There will always be differences of opinion based on factors such as the popularity of a fighter, the caliber of opponents, the manner in which he won and lost fights, etc. The problem with the ratings are the extent of the differences. I am not exaggerating when I say that it was dizzying trying to compare and understand the wide disparities in the ratings among the organizations. Stark differences like those in the examples cited lend themselves to questions of corruption, whether it’s there or not.

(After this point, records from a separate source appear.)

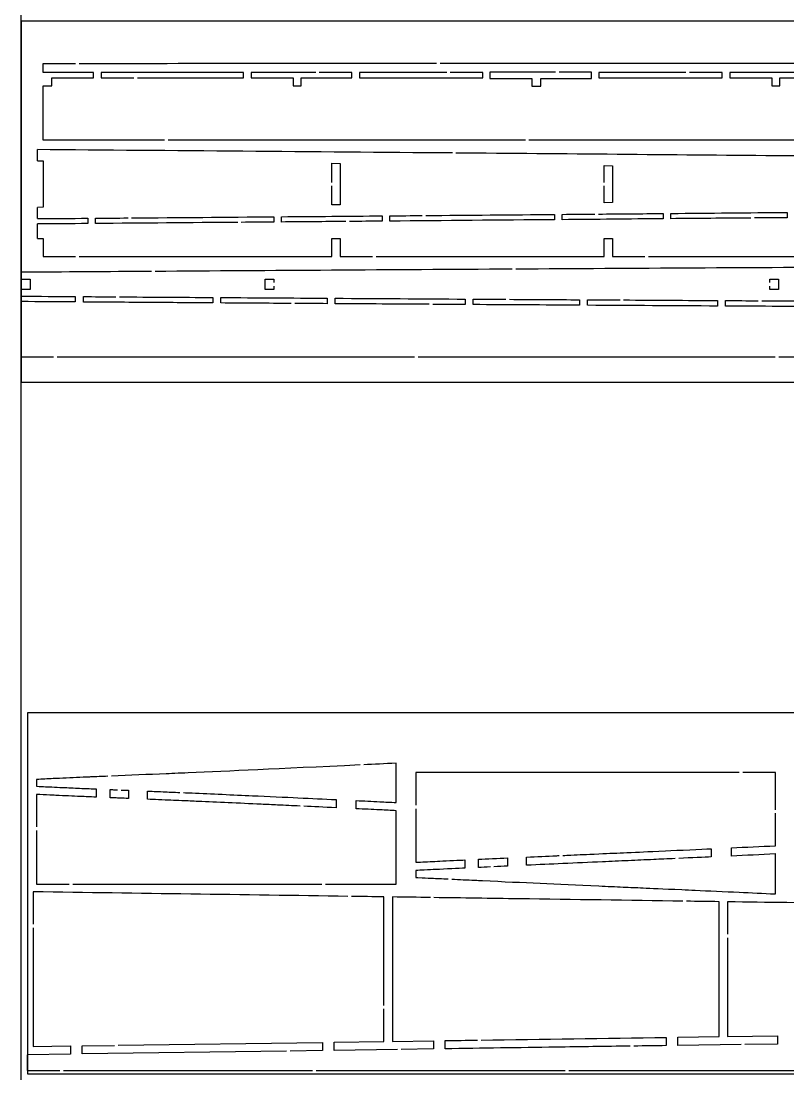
# Model space of a CAD drawing. Header units: millimetres. Extents: x -769 to 745, y -600 to 149.
# Drawn here: x -491.8 to -279.3, y -143 to 148.6 of the extents above; entities that cross this region are included whole.
import ezdxf

# ---------------------------------------------------------------- set-up
doc = ezdxf.new("R2010")
doc.units = ezdxf.units.MM
doc.header["$MEASUREMENT"] = 0
doc.layers.add('90X10', color=1, linetype='Continuous')

msp = doc.modelspace()

# ---------------------------------------------------------------- linework, layer by layer
for p, q in [((-485.67, 134.39), (-485.67, 136.89)), ((-471.67, 134.39), (-485.67, 134.39)), ((-471.67, 132.92), (-471.67, 134.39)), ((-469.55, 134.39), (-469.55, 132.91)), ((-430.16, 132.9), (-430.16, 134.37)), ((-428.04, 134.37), (-428.04, 132.9)), ((-400.14, 132.89), (-400.14, 134.36)), ((-398.01, 134.36), (-398.01, 132.88)), ((-363.85, 132.87), (-363.85, 134.35)), ((-361.85, 134.47), (-361.85, 132.75)), ((-333.7, 132.74), (-333.7, 134.46)), ((-331.7, 134.34), (-331.7, 132.86)), ((-297.54, 132.85), (-297.54, 134.33)), ((-295.42, 134.33), (-295.42, 132.85)), ((-483.28, 130.7), (-483.28, 132.92)), ((-483.28, 132.92), (-471.67, 132.92)), ((-428.04, 132.9), (-416.41, 132.89)), ((-416.41, 132.89), (-416.41, 130.7)), ((-414.15, 130.7), (-414.15, 132.89)), ((-350.22, 132.75), (-350.22, 130.58)), ((-347.72, 130.58), (-347.72, 132.75)), ((-283.79, 132.85), (-283.79, 130.7)), ((-281.53, 130.7), (-281.53, 132.85)), ((-485.67, 115.58), (-485.67, 130.7)), ((-485.67, 130.7), (-483.28, 130.7)), ((-416.41, 130.7), (-414.15, 130.7)), ((-350.22, 130.58), (-347.72, 130.58)), ((-283.79, 130.7), (-281.53, 130.7)), ((-452.05, 115.58), (-485.67, 115.58)), ((-352.05, 115.58), (-451.05, 115.58)), ((-252.05, 115.58), (-351.05, 115.58)), ((-487.27, 109.87), (-487.27, 113)), ((-487.27, 109.87), (-485.69, 109.86)), ((-485.69, 109.86), (-485.69, 97.02)), ((-405.64, 103.94), (-405.64, 109.22)), ((-405.64, 109.22), (-403.38, 109.2)), ((-403.38, 109.2), (-403.38, 97.68)), ((-330.17, 103.94), (-330.17, 108.58)), ((-330.17, 108.58), (-327.9, 108.56)), ((-327.9, 108.56), (-327.9, 98.32)), ((-405.64, 97.67), (-405.64, 102.94)), ((-330.17, 98.3), (-330.17, 102.94)), ((-485.69, 97.02), (-487.27, 97.01)), ((-487.27, 93.88), (-487.27, 97.01)), ((-403.38, 97.68), (-405.64, 97.67)), ((-327.9, 98.32), (-330.17, 98.3)), ((-473.27, 93.99), (-473.27, 92.52)), ((-471.15, 92.54), (-471.15, 94.01)), ((-421.76, 94.41), (-421.76, 92.93)), ((-419.64, 92.95), (-419.64, 94.42)), ((-391.76, 94.65), (-391.76, 93.18)), ((-389.64, 93.2), (-389.64, 94.67)), ((-343.93, 95.06), (-343.93, 93.59)), ((-341.81, 93.6), (-341.81, 95.07)), ((-313.87, 95.31), (-313.87, 93.85)), ((-311.75, 93.87), (-311.75, 95.33)), ((-279.54, 95.62), (-279.54, 94.15)), ((-487.27, 88.38), (-487.27, 92.41)), ((-487.27, 88.38), (-485.69, 88.38)), ((-485.69, 88.38), (-485.69, 83.38)), ((-405.64, 83.38), (-405.64, 88.38)), ((-405.64, 88.38), (-403.38, 88.38)), ((-403.38, 88.38), (-403.38, 83.38)), ((-330.17, 83.38), (-330.17, 88.38)), ((-330.17, 88.38), (-327.9, 88.38)), ((-327.9, 88.38), (-327.9, 83.38)), ((-485.69, 83.38), (-476.69, 83.38)), ((-475.69, 83.38), (-405.64, 83.38)), ((-403.38, 83.38), (-394.38, 83.38)), ((-393.38, 83.38), (-330.17, 83.38)), ((-327.9, 83.38), (-318.9, 83.38)), ((-317.9, 83.38), (-263.42, 83.38)), ((-491.79, 79.02), (-491.79, 77.15)), ((-491.79, 77.15), (-489.24, 77.15)), ((-489.24, 77.15), (-489.24, 74.27)), ((-424.14, 77.15), (-421.75, 77.15)), ((-424.14, 74.27), (-424.14, 77.15)), ((-421.75, 77.15), (-421.75, 76.21)), ((-284.29, 77.15), (-281.9, 77.15)), ((-284.29, 76.21), (-284.29, 77.15)), ((-281.9, 77.15), (-281.9, 74.27)), ((-489.24, 74.27), (-491.79, 74.27)), ((-491.79, 74.27), (-491.79, 72.41)), ((-421.75, 74.27), (-424.14, 74.27)), ((-421.75, 75.21), (-421.75, 74.27)), ((-284.29, 74.27), (-284.29, 75.21)), ((-281.9, 74.27), (-284.29, 74.27)), ((-491.79, 70.9), (-491.79, 55.65)), ((-476.78, 72.31), (-476.78, 70.8)), ((-474.52, 70.78), (-474.52, 72.29)), ((-438.64, 72.05), (-438.64, 70.54)), ((-436.4, 70.52), (-436.4, 72.04)), ((-406.97, 71.85), (-406.97, 70.33)), ((-404.74, 70.32), (-404.74, 71.84)), ((-368.71, 71.61), (-368.71, 70.09)), ((-366.48, 70.08), (-366.48, 71.6)), ((-337.05, 71.43), (-337.05, 69.9)), ((-334.82, 69.88), (-334.82, 71.41)), ((-298.79, 71.21), (-298.79, 69.67)), ((-296.56, 69.66), (-296.56, 71.19)), ((-491.79, 55.65), (-482.79, 55.65)), ((-481.79, 55.65), (-382.79, 55.65)), ((-381.79, 55.65), (-282.79, 55.65)), ((-281.79, 55.65), (-182.79, 55.65)), ((-387.83, -67.84), (-387.83, -56.96)), ((-292.78, -59.58), (-382.41, -59.58)), ((-382.41, -59.58), (-382.41, -68.58)), ((-282.78, -59.58), (-291.78, -59.58)), ((-282.78, -69.84), (-282.78, -59.58)), ((-487.47, -61.46), (-487.47, -63.34)), ((-470.93, -64.09), (-470.93, -66.36)), ((-487.47, -65.61), (-487.47, -74.61)), ((-467.14, -66.52), (-467.14, -64.26)), ((-462.06, -64.47), (-462.06, -66.73)), ((-456.74, -66.95), (-456.74, -64.69)), ((-404.44, -67.05), (-404.44, -69.31)), ((-398.92, -69.58), (-398.92, -67.31)), ((-382.41, -69.58), (-382.41, -84.4)), ((-387.83, -90.46), (-387.83, -70.11)), ((-282.78, -79.84), (-282.78, -70.84)), ((-487.47, -75.61), (-487.47, -90.46)), ((-300.58, -80.66), (-300.58, -82.93)), ((-294.97, -82.67), (-294.97, -80.4)), ((-368.8, -83.76), (-368.8, -86.03)), ((-365, -85.85), (-365, -83.58)), ((-357.01, -83.2), (-357.01, -85.47)), ((-351.69, -85.23), (-351.69, -82.96)), ((-282.78, -93.17), (-282.78, -82.11)), ((-382.41, -86.67), (-382.41, -88.61)), ((-488.42, -92.59), (-488.42, -101.59)), ((-487.47, -90.46), (-478.47, -90.46)), ((-477.47, -90.46), (-408.47, -90.46)), ((-407.47, -90.46), (-387.83, -90.46)), ((-391.22, -124.04), (-391.22, -93.99)), ((-388.9, -94.02), (-388.9, -134.01)), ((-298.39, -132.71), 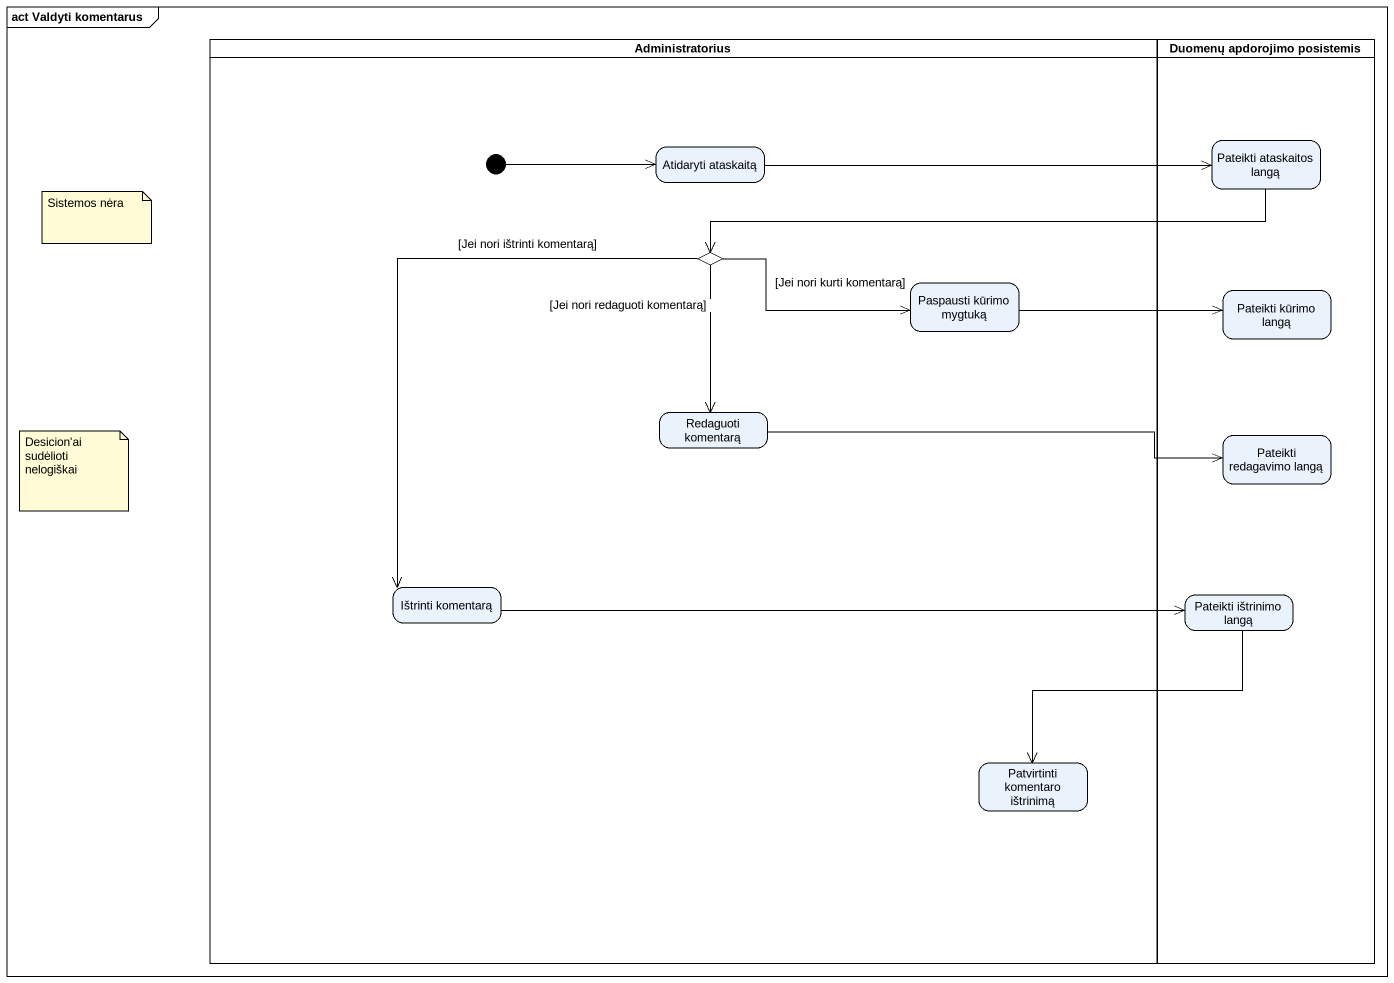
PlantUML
@startuml
mainframe act Valdyti komentarus
hide empty description
state Administratorius <<partition>> {
  state "Atidaryti ataskaitą" as Atidaryti_ataskaitą
  state choice1 <<choice>>
  state "Paspausti kūrimo mygtuką" as Paspausti_kūrimo_mygtuką
  state "Redaguoti komentarą" as Redaguoti_komentarą
  state "Ištrinti komentarą" as Ištrinti_komentarą
  state "Patvirtinti komentaro ištrinimą" as Patvirtinti_komentaro
  [*] -right-> Atidaryti_ataskaitą
}
state "Duomenų apdorojimo posistemis" as Duomenų_apdorojimo <<partition>> {
  state "Pateikti ataskaitos langą" as Pateikti_ataskaitos_langą
  state "Pateikti kūrimo langą" as Pateikti_kūrimo_langą
  state "Pateikti redagavimo langą" as Pateikti_redagavimo_langą
  state "Pateikti ištrinimo langą" as Pateikti_ištrinimo_langą
}
Atidaryti_ataskaitą -right-> Pateikti_ataskaitos_langą
Pateikti_ataskaitos_langą -left-> choice1
choice1 -right-> Paspausti_kūrimo_mygtuką : [Jei nori kurti komentarą]
choice1 --> Redaguoti_komentarą : [Jei nori redaguoti komentarą]
choice1 --> Ištrinti_komentarą : [Jei nori ištrinti komentarą]
Paspausti_kūrimo_mygtuką -right-> Pateikti_kūrimo_langą
Redaguoti_komentarą -right-> Pateikti_redagavimo_langą
Ištrinti_komentarą -right-> Pateikti_ištrinimo_langą
Pateikti_ištrinimo_langą --> Patvirtinti_komentaro
note as N1
  Sistemos nėra
end note
note as N2
  Desicion'ai sudėlioti nelogiškai
end note
@enduml

Recently, the WBA installed Evander Holyfield as their No. 12-ranked contender, which enabled him to challenge defending WBA champion Nicolai Valuev on Dec. 20 of last year. (Although he lost on the scorecards, most observers believe Holyfield won the
bout). Prior to the Valuev bout, Holyfield had not fought since October of 2007 when he was dominated by WBO champion Sultan Ibragimov. When asked by ABC President Lueckenhoff how the WBA could justify the jump in Holyfield's ranking, WBA Ratings Chairman Jose Oliver Gomez responded by citing the “good level of competition” Holyfield faced in 2007 (Vinny Maddalone, Lou Savarese, and Sultan Ibragimov) and
by arguing that “Mr. Holyfield has been a legacy for the WBA during his excellent career when conquering and defending our WBA heavyweight titles. His level of competition throughout his career is admirable for the sport of boxing. He has also shown a loyalty
to the WBA.”

And here is the key point:

In the WBA’s “Guidelines for the Ratings,” a fighter may be rated “whenever there are important and powerful reasons for the WBA, which in accordance to the judgment of the Ratings Committee justify the entrance of the boxer in the ratings.”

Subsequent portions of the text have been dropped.